Public TV is the subject, not the medium, for a five-day seminar for journalists at UC Berkeley, May 1-6. The Western Knight Center for Specialized Journalism is taking applications for 15 seats in the all-expenses-paid seminar for mid-career journalists, “Channeling Public Interest Media: Reporting on the Public Broadcast System.” Participants will also attend parts of concurrent Input 2005 in San Francisco. Application deadline: March 25/28. See explanation on the center’s website. Contact: Lanita Pace-Hinton, (510) 643-7425. The Knight Center is funded by the Knight Foundation and operated by USC Annenberg in Los Angeles. For this and other upcoming events, see Current’s Calendar, current.org/calendar.

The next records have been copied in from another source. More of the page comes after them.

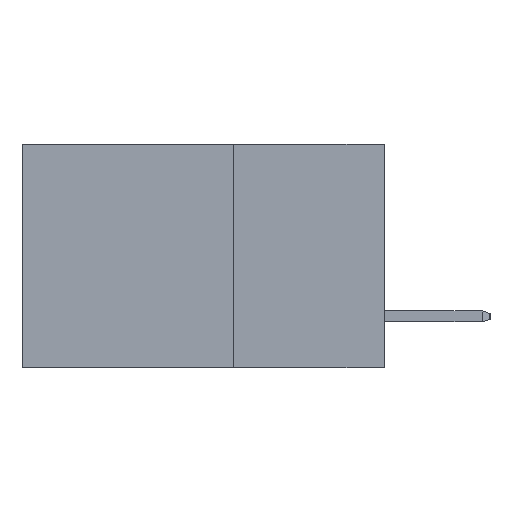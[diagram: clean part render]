
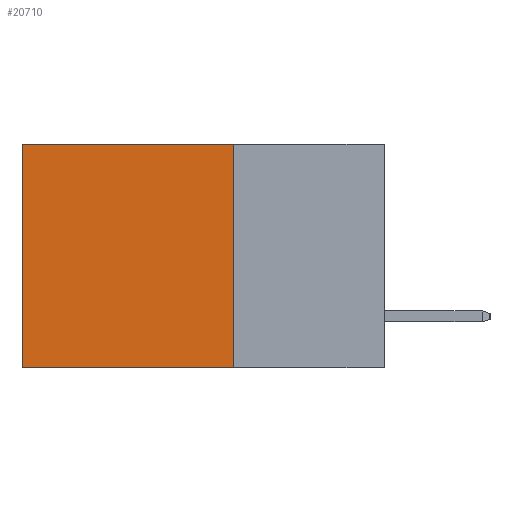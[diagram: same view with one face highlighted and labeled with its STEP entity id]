
A CAD part, left-side view. The second image highlights one B-rep face of the part: STEP entity #20710.
In plain terms, the highlighted planar face has unit normal (-1, 0, 0).
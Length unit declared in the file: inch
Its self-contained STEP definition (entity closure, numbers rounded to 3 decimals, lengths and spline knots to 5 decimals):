
#737 = DIRECTION ( 'NONE',  ( 0., 0., -1. ) ) ;
#1599 = DIRECTION ( 'NONE',  ( 0., 1., 0. ) ) ;
#2114 = DIRECTION ( 'NONE',  ( 0., 0., -1. ) ) ;
#2207 = CARTESIAN_POINT ( 'NONE',  ( 0.298, 0.25, 0. ) ) ;
#2225 = VECTOR ( 'NONE', #1599, 39.37008 ) ;
#3860 = EDGE_LOOP ( 'NONE', ( #24403, #18110, #13382, #17336 ) ) ;
#3918 = VERTEX_POINT ( 'NONE', #2207 ) ;
#4184 = CARTESIAN_POINT ( 'NONE',  ( 0.298, 0.6, -0.37 ) ) ;
#5088 = CARTESIAN_POINT ( 'NONE',  ( 0.298, 0.6, 0. ) ) ;
#6168 = VECTOR ( 'NONE', #2114, 39.37008 ) ;
#6214 = EDGE_CURVE ( 'NONE', #15052, #16792, #7108, .T. ) ;
#7072 = EDGE_CURVE ( 'NONE', #3918, #15981, #11364, .T. ) ;
#7108 = LINE ( 'NONE', #5088, #16798 ) ;
#7190 = DIRECTION ( 'NONE',  ( 0., 0., -1. ) ) ;
#7860 = DIRECTION ( 'NONE',  ( 0., 1., 0. ) ) ;
#9597 = VECTOR ( 'NONE', #7860, 39.37008 ) ;
#10889 = FACE_OUTER_BOUND ( 'NONE', #3860, .T. ) ;
#11174 = EDGE_CURVE ( 'NONE', #3918, #15052, #14771, .T. ) ;
#11364 = LINE ( 'NONE', #19594, #6168 ) ;
#13344 = CARTESIAN_POINT ( 'NONE',  ( 0.298, 0.25, -0.37 ) ) ;
#13382 = ORIENTED_EDGE ( 'NONE', *, *, #7072, .F. ) ;
#13445 = EDGE_CURVE ( 'NONE', #15981, #16792, #19612, .T. ) ;
#14771 = LINE ( 'NONE', #19457, #9597 ) ;
#15052 = VERTEX_POINT ( 'NONE', #20441 ) ;
#15981 = VERTEX_POINT ( 'NONE', #13344 ) ;
#16792 = VERTEX_POINT ( 'NONE', #4184 ) ;
#16798 = VECTOR ( 'NONE', #737, 39.37008 ) ;
#17176 = AXIS2_PLACEMENT_3D ( 'NONE', #22574, #18833, #7190 ) ;
#17336 = ORIENTED_EDGE ( 'NONE', *, *, #11174, .T. ) ;
#18110 = ORIENTED_EDGE ( 'NONE', *, *, #13445, .F. ) ;
#18753 = PLANE ( 'NONE',  #17176 ) ;
#18833 = DIRECTION ( 'NONE',  ( 1., 0., 0. ) ) ;
#19457 = CARTESIAN_POINT ( 'NONE',  ( 0.298, 0.25, 0. ) ) ;
#19594 = CARTESIAN_POINT ( 'NONE',  ( 0.298, 0.25, 0. ) ) ;
#19612 = LINE ( 'NONE', #22843, #2225 ) ;
#20441 = CARTESIAN_POINT ( 'NONE',  ( 0.298, 0.6, 0. ) ) ;
#20710 = ADVANCED_FACE ( 'NONE', ( #10889 ), #18753, .F. ) ;
#22574 = CARTESIAN_POINT ( 'NONE',  ( 0.298, 0.25, 0. ) ) ;
#22843 = CARTESIAN_POINT ( 'NONE',  ( 0.298, 0.25, -0.37 ) ) ;
#24403 = ORIENTED_EDGE ( 'NONE', *, *, #6214, .T. ) ;

Perhaps prompted by the Buster fuss or a slow news day, George F. Will joins a gathering pro-marketplace chorus on the right: “In today’s 500-channel environment, public television is a preposterous relic.” PBS sells so many toys, it must have mass market appeal, he argues, then suggests its fans are the kind who re-read Proust.
Tod Maffin lays out his vision of “vertical listening,” which he also mentioned in our recent article about podcasting. Meanwhile, KCRW-FM launched more than 20 podcasts yesterday.
Funding hikes for public broadcasting in Alaska survived a challenge in that state’s House of Representatives, reports the Fairbanks Daily News-Miner.
“After just five weeks on the air, it seems that MPR’s new alt-rock-and-variety station is already a significant tastemaker in town,” says the Twin Cities’ City Pages, which devotes three articles to “89.3 The Current.”
“Let’s take a moment to acknowledge something that has, in fact, been true for some time: Technical innovation in U.S. radio broadcasting is being led by public radio,” writes Paul McLane in Radio World.
Terry Gross’s idea of cooking used to be “opening a can of Progresso minestrone and taking out their vegetables, keeping the broth and putting in my own vegetables,” she says in Delware’s News Journal.
The San Francisco Chronicle looks at the the competition between secular and religious broadcasters for low-power FM stations.
In the MP3 era, “the art of the set and the segue is in imminent danger of dying,” writes WFMU deejay Dave Mandl in the Brooklyn Rail.
A Boston Globe writer looks at the business model — or lack thereof — of podcasting. “One problem is that, much like the Web before advertising and e-commerce, there’s no money in podcasting yet,” he says.
Former WBUR-FM host Christopher Lydon will host an evening talk show on WUML-FM, reports the Lowell Sun. The Lowell, Mass., station is licensed to the University of Massachussetts, and the students who host some of the station’s programs object to Lydon’s arrival.
Indicating perhaps that PBS did not have to fear some four-letter words in a recent Frontline, the FCC yesterday chose not to stifle the right of (actors playing) soldiers to swear while risking their lives in war. (Surprised?) The order (news release, full text) rejected indecency complaints about ABC’s airing of Saving Private Ryan last fall.